What Will You Preach on November 10?
Whatever happens, what are you going to do on that Sunday six months from now?
If you’re a pastor, what are you going to say on November 10, 2024?
That date is the first Sunday after the presidential election. We might know who won the race for the presidency, or we might not. There might be preparations for an upcoming second Biden term or people getting ready for a second Trump term. There might be political violence or not. Whatever happens, what are you going to do on that Sunday six months from now?
A few weeks ago, I asked that question to Joshua Gritter, a Presbyterian pastor in North Carolina for my podcast. He talked about how he and his wife wondered how their pastor would speak after the election of Donald Trump in 2016 and then said what he and his wife (they are co-pastors at a church) this year. He will not be talking about the election. Instead along with his wife, he will start a series on the Lord’s prayer. “What we're going to preach on that Sunday is Jesus told us how to pray this way, and God is the one to whom the power and the glory belong,” he said in the podcast. “God is sovereign. Jesus is Lord. And no matter who sits in that office, the church has a job to do, and that is participating in the life of this, of this God, this good God.”
I can imagine that some pastors might think such an approach is madness. What if Donald Trump wins? Don’t we care about democracy? Gritter responded with a real hypothetical: suppose a woman enters your sanctuary the Sunday after the election visiting your congregation for the first time. She is knee-deep in grief over the loss of someone close in her life. What does she need to hear on that Sunday? What she doesn’t need to hear on that Sunday is politics. This woman is looking for something bigger than her pain, Gritter says, but if he preaches against a certain candidate he does this woman no favors. “So that person leaves, not only with no comfort or hope about the grief they've experienced but feeling shame for the fact that they voted for someone in a free election. In my mind, that's irresponsible pastoral leadership.”
Gritter and his wife lead a mainline congregation in a “red” part of the country. In interviewing pastors from mainline denominations pastoring churches in more conservative areas of the nation, I’ve noticed there is more attention to the actual lived experiences of the people in the pews. I remember an interview with David Emery, a Disciples of Christ pastor in Tulsa who talks about how sometimes the church can get so much into social justice that we forget the people who might be living good lives on the outside, but who can’t keep it together and just need someone who can listen to them and pray for them. They need to know the God of the universe cares for them.
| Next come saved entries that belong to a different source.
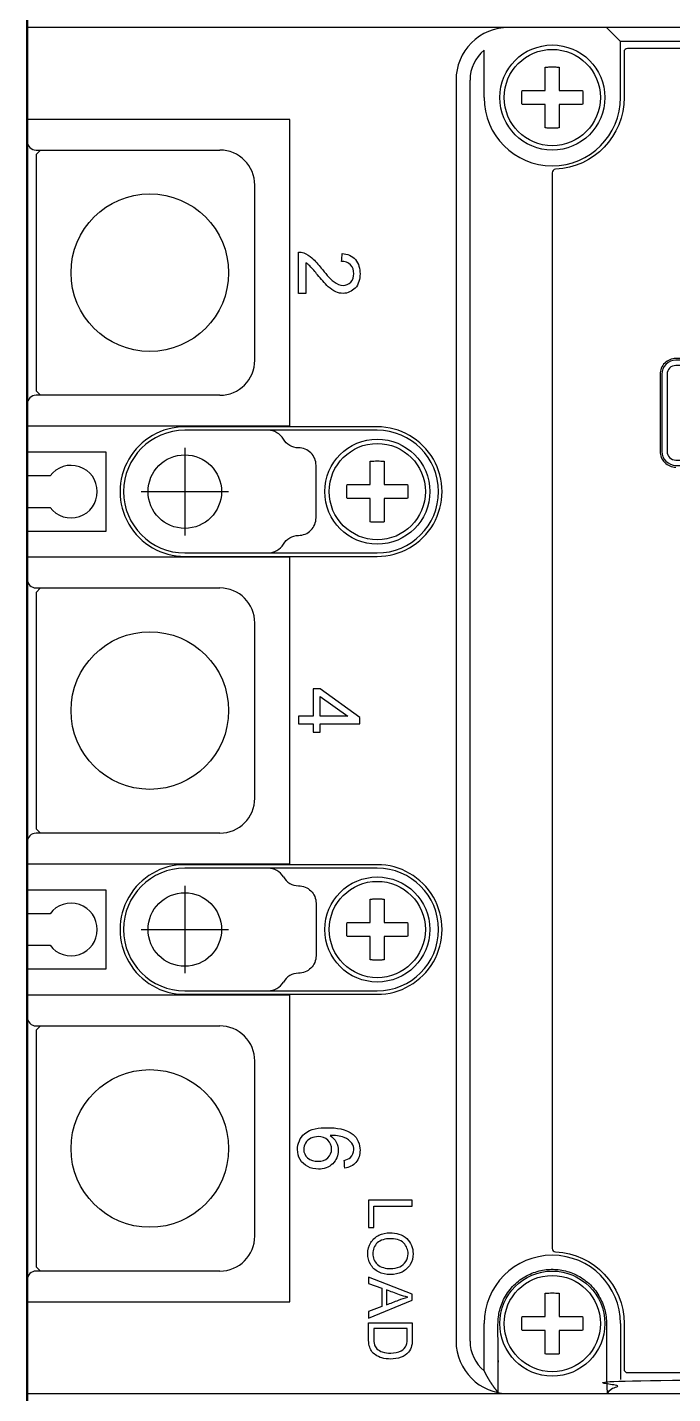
# Model space of a CAD drawing. Header units: millimetres. Extents: x 28713 to 59118, y -54378 to -19615.
# Drawn here: x 37765.4 to 37802.2, y -35304.3 to -35226.3 of the extents above; entities that cross this region are included whole.
import ezdxf

# ---------------------------------------------------------------- set-up
doc = ezdxf.new("R2010")
doc.units = ezdxf.units.MM
doc.header["$LTSCALE"] = 3
doc.layers.add('equipments', color=2, linetype='Continuous')
doc.layers.add('Visible (ISO)', color=7, linetype='Continuous', lineweight=50)

msp = doc.modelspace()

# ---------------------------------------------------------------- linework, layer by layer
at = {"color": 1}
for p, q in [((37774.361, -35250.321), (37774.361, -35255.321)), ((37771.861, -35252.821), (37776.861, -35252.821)), ((37774.361, -35275.321), (37774.361, -35280.321)), ((37771.861, -35277.821), (37776.861, -35277.821))]:
    msp.add_line(p, q, dxfattribs=at)
at = {"layer": 'equipments'}
for p, q in [((37791.461, -35230.321), (37791.461, -35227.624)), ((37872.861, -35227.121), (37799.261, -35227.121)), ((37790.661, -35301.321), (37790.661, -35229.321)), ((37778.361, -35245.321), (37778.361, -35235.321)), ((37785.361, -35249.121), (37774.361, -35249.121)), ((37765.361, -35253.721), (37765.361, -35276.921)), ((37774.361, -35256.521), (37785.361, -35256.521)), ((37778.361, -35270.321), (37778.361, -35260.321)), ((37785.361, -35274.121), (37774.361, -35274.121)), ((37774.361, -35281.521), (37785.361, -35281.521)), ((37791.461, -35303.018), (37791.461, -35300.321)), ((37799.261, -35300.321), (37799.261, -35303.521))]:
    msp.add_line(p, q, dxfattribs=at)
for points in [[(37792.861, -35226.321), (37765.361, -35226.321), (37765.361, -35251.921)], [(37799.261, -35230.321), (37799.261, -35227.121), (37798.461, -35226.321)], [(37766.111, -35233.321), (37765.861, -35233.571), (37765.861, -35247.071), (37766.111, -35247.321)], [(37765.361, -35255.071), (37769.861, -35255.071), (37769.861, -35250.571), (37765.361, -35250.571)], [(37766.111, -35258.321), (37765.861, -35258.571), (37765.861, -35272.071), (37766.111, -35272.321)], [(37765.361, -35280.071), (37769.861, -35280.071), (37769.861, -35275.571), (37765.361, -35275.571)], [(37766.111, -35283.321), (37765.861, -35283.571), (37765.861, -35297.071), (37766.111, -35297.321)]]:
    msp.add_lwpolyline(points, dxfattribs=at)
for points in [[(37900.361, -35251.921), (37900.361, -35226.321), (37792.861, -35226.321, 0.414214), (37789.861, -35229.321)], [(37789.861, -35229.321), (37789.861, -35301.321, 0.414213), (37792.861, -35304.321)], [(37765.361, -35232.821, 0.414214), (37765.861, -35233.321), (37776.361, -35233.321)], [(37806.821, -35251.421, 0.414214), (37807.721, -35250.521), (37807.721, -35246.121, 0.414214), (37806.821, -35245.221), (37802.421, -35245.221, 0.414214), (37801.521, -35246.121), (37801.521, -35250.521, 0.414214), (37802.421, -35251.421)], [(37776.361, -35247.321), (37765.861, -35247.321, 0.414214), (37765.361, -35247.821)], [(37785.361, -35256.321, 1), (37785.361, -35249.321), (37774.361, -35249.321, 1), (37774.361, -35256.321), (37785.361, -35256.321)], [(37779.995, -35255.821, -0.267949), (37780.861, -35255.321, 0.414214), (37781.861, -35254.321), (37781.861, -35251.321, 0.414214), (37780.861, -35250.321, -0.267949), (37779.995, -35249.821)], [(37765.361, -35253.721), (37766.661, -35253.721, 3), (37766.661, -35251.921), (37765.361, -35251.921)], [(37765.361, -35257.821, 0.414214), (37765.861, -35258.321), (37776.361, -35258.321)], [(37776.361, -35272.321), (37765.861, -35272.321, 0.414214), (37765.361, -35272.821)], [(37785.361, -35281.321, 1), (37785.361, -35274.321), (37774.361, -35274.321, 1), (37774.361, -35281.321), (37785.361, -35281.321)], [(37779.995, -35274.821, 0.267949), (37780.861, -35275.321, -0.414214), (37781.861, -35276.321), (37781.861, -35279.321, -0.414214), (37780.861, -35280.321, 0.267949), (37779.995, -35280.821)], [(37765.361, -35278.721), (37766.661, -35278.721, 3), (37766.661, -35276.921), (37765.361, -35276.921)], [(37765.361, -35278.721), (37765.361, -35304.321), (37792.861, -35304.321), (37900.361, -35304.321), (37900.361, -35279.221, 0.414214), (37899.861, -35278.721)], [(37765.361, -35282.821, 0.414214), (37765.861, -35283.321), (37776.361, -35283.321)], [(37778.361, -35295.321), (37778.361, -35285.321, 0.414214), (37776.361, -35283.321)], [(37776.361, -35297.321), (37765.861, -35297.321, 0.414214), (37765.361, -35297.821)]]:
    msp.add_lwpolyline(points, format="xyb", dxfattribs=at)
for points in [[(37865.861, -35282.117, 0.40065), (37865.671, -35281.917, -0.954521), (37865.671, -35273.726, 0.40065), (37865.861, -35273.526), (37865.861, -35257.117, 0.40065), (37865.671, -35256.917, -0.954521), (37865.671, -35248.726, 0.40065), (37865.861, -35248.526), (37865.861, -35229.521, 0.414214), (37863.861, -35227.521), (37799.661, -35227.521, 0.414214), (37799.461, -35227.721), (37799.461, -35230.321, -0.40065), (37795.552, -35234.417, 0.40065), (37795.361, -35234.617), (37795.361, -35296.026, 0.40065), (37795.552, -35296.226, -0.40065), (37799.461, -35300.321), (37799.461, -35302.921, 0.414214), (37799.661, -35303.121), (37863.861, -35303.121, 0.414214), (37865.861, -35301.121)], [(37801.621, -35246.121), (37801.621, -35250.521, 0.414214), (37802.421, -35251.321), (37806.821, -35251.321, 0.414214), (37807.621, -35250.521), (37807.621, -35246.121, 0.414214), (37806.821, -35245.321), (37802.421, -35245.321, 0.414214)], [(37801.921, -35246.121), (37801.921, -35250.521, 0.414214), (37802.421, -35251.021), (37806.821, -35251.021, 0.414214), (37807.321, -35250.521), (37807.321, -35246.121, 0.414214), (37806.821, -35245.621), (37802.421, -35245.621, 0.414214)]]:
    msp.add_lwpolyline(points, format="xyb", close=True, dxfattribs=at)
at = {"layer": 'equipments', "color": 8}
for points in [[(37765.361, -35249.071), (37780.361, -35249.071), (37780.361, -35231.571), (37765.361, -35231.571)], [(37765.361, -35274.071), (37780.361, -35274.071), (37780.361, -35256.571), (37765.361, -35256.571)], [(37765.361, -35299.071), (37780.361, -35299.071), (37780.361, -35281.571), (37765.361, -35281.571)]]:
    msp.add_lwpolyline(points, dxfattribs=at)
at = {"layer": 'equipments'}
for points in [[(37784.361, -35266.074), (37784.361, -35265.715), (37782.093, -35264.08), (37781.699, -35264.08), (37781.699, -35265.634), (37780.861, -35265.634), (37780.861, -35266.074), (37781.699, -35266.074), (37781.699, -35266.557), (37782.093, -35266.557), (37782.093, -35266.074)], [(37782.093, -35264.513), (37783.671, -35265.634), (37782.093, -35265.634)], [(37787.361, -35293.276), (37784.861, -35293.276), (37784.861, -35294.838), (37785.156, -35294.838), (37785.156, -35293.607), (37787.361, -35293.607)], [(37784.861, -35299.637), (37784.861, -35300.014), (37787.361, -35298.991), (37787.361, -35298.634), (37784.861, -35297.674), (37784.861, -35298.026), (37785.619, -35298.3), (37785.619, -35299.346)]]:
    msp.add_lwpolyline(points, close=True, dxfattribs=at)
for centre, radius in [((37795.361, -35230.321), 3), ((37795.361, -35230.321), 2.75), ((37772.361, -35240.321), 4.5), ((37785.361, -35252.821), 3), ((37785.361, -35252.821), 2.75), ((37774.361, -35252.821), 2.1), ((37772.361, -35265.321), 4.5), ((37785.361, -35277.821), 3), ((37785.361, -35277.821), 2.75), ((37774.361, -35277.821), 2.1), ((37772.361, -35290.321), 4.5), ((37795.361, -35300.321), 3), ((37795.361, -35300.321), 2.75)]:
    msp.add_circle(centre, radius, dxfattribs=at)
for centre, radius, start, end in [((37792.861, -35229.321), 2.2, 129.52081, 180), ((37795.361, -35230.321), 3.9, 180, 0), ((37776.361, -35235.321), 2, 0, 90), ((37776.361, -35245.321), 2, 270, 360), ((37774.361, -35252.821), 3.7, 89.98066, 270.01934), ((37779.129, -35250.321), 1, 30, 90), ((37785.361, -35252.821), 3.7, 269.98066, 90.01934), ((37779.129, -35255.321), 1, 270, 330), ((37776.361, -35260.321), 2, 0, 90), ((37776.361, -35270.321), 2, 270, 360), ((37774.361, -35277.821), 3.7, 89.98066, 270.01934), ((37779.129, -35275.321), 1, 30, 90), ((37785.361, -35277.821), 3.7, 269.98066, 90.01934), ((37779.129, -35280.321), 1, 270, 330), ((37776.361, -35295.321), 2, 270, 360), ((37795.361, -35300.321), 3.9, 0, 180), ((37792.861, -35301.321), 2.2, 180, 230.47926)]:
    msp.add_arc(centre, radius, start, end, dxfattribs=at)
for points, knots in [([(37795.761, -35229.921), (37795.761, -35229.477), (37795.761, -35229.034), (37795.761, -35228.59), (37795.695, -35228.584), (37795.562, -35228.574), (37795.428, -35228.571), (37795.361, -35228.571), (37795.294, -35228.571), (37795.161, -35228.574), (37795.027, -35228.584), (37794.961, -35228.59), (37794.961, -35229.034), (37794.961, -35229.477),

Morality has a funny way of separating us from God. There are a lot of conservative churches that reduce God to morality, to following certain rules and ignoring the actual person, but having lived in a very “blue” state, I’ve come to see the morality found in more progressive churches as well. We worry about the fragility of democracy or issues involving sexuality and gender and they are issues that are valid. But sometimes we make them so primary in our lives that we forget that we are called to be in a relationship with others even if they don’t vote the same way we do or fumble on using the wrong pronoun. In his book, the Spirit of Our Politics, Michael Wear recounts a story about a dear friend who was a supporter of former President Donald Trump. When the friend’s daughter was in distress this friend contacted Wear for help. It didn’t matter that they voted differently. What mattered was that his daughter needed help and his friend and fellow Christian was there to help. What mattered more was not someone’s voting record, but that he was in a relationship with Wear, and what mattered to Wear was that this was a fellow person, a dear friend, in need of help.
When many of us who are pastors step into that pulpit on November 10, we will do with a political maelstrom taking place. No matter who wins there’s going to be unrest. Especially if Trump wins, there will be a lot of concerns about American democracy and we have to take that seriously.
But there will also be people like that woman Josh talked about. What will we say to her? What will we say to the man who might have lost his job, or the family dealing with a child in mental distress? Because those people will be in the pews on that day. It might feel good preaching sermons against the other political party, but that won’t reach the hurt that people deal with.
I don’t know what I will preach on that day, but maybe I will take a page from the apostle Paul and preach Christ crucified. That won’t be a sexy let alone, fiery sermon. But it might be the message someone needs to hear: that the God of the universe cares for them.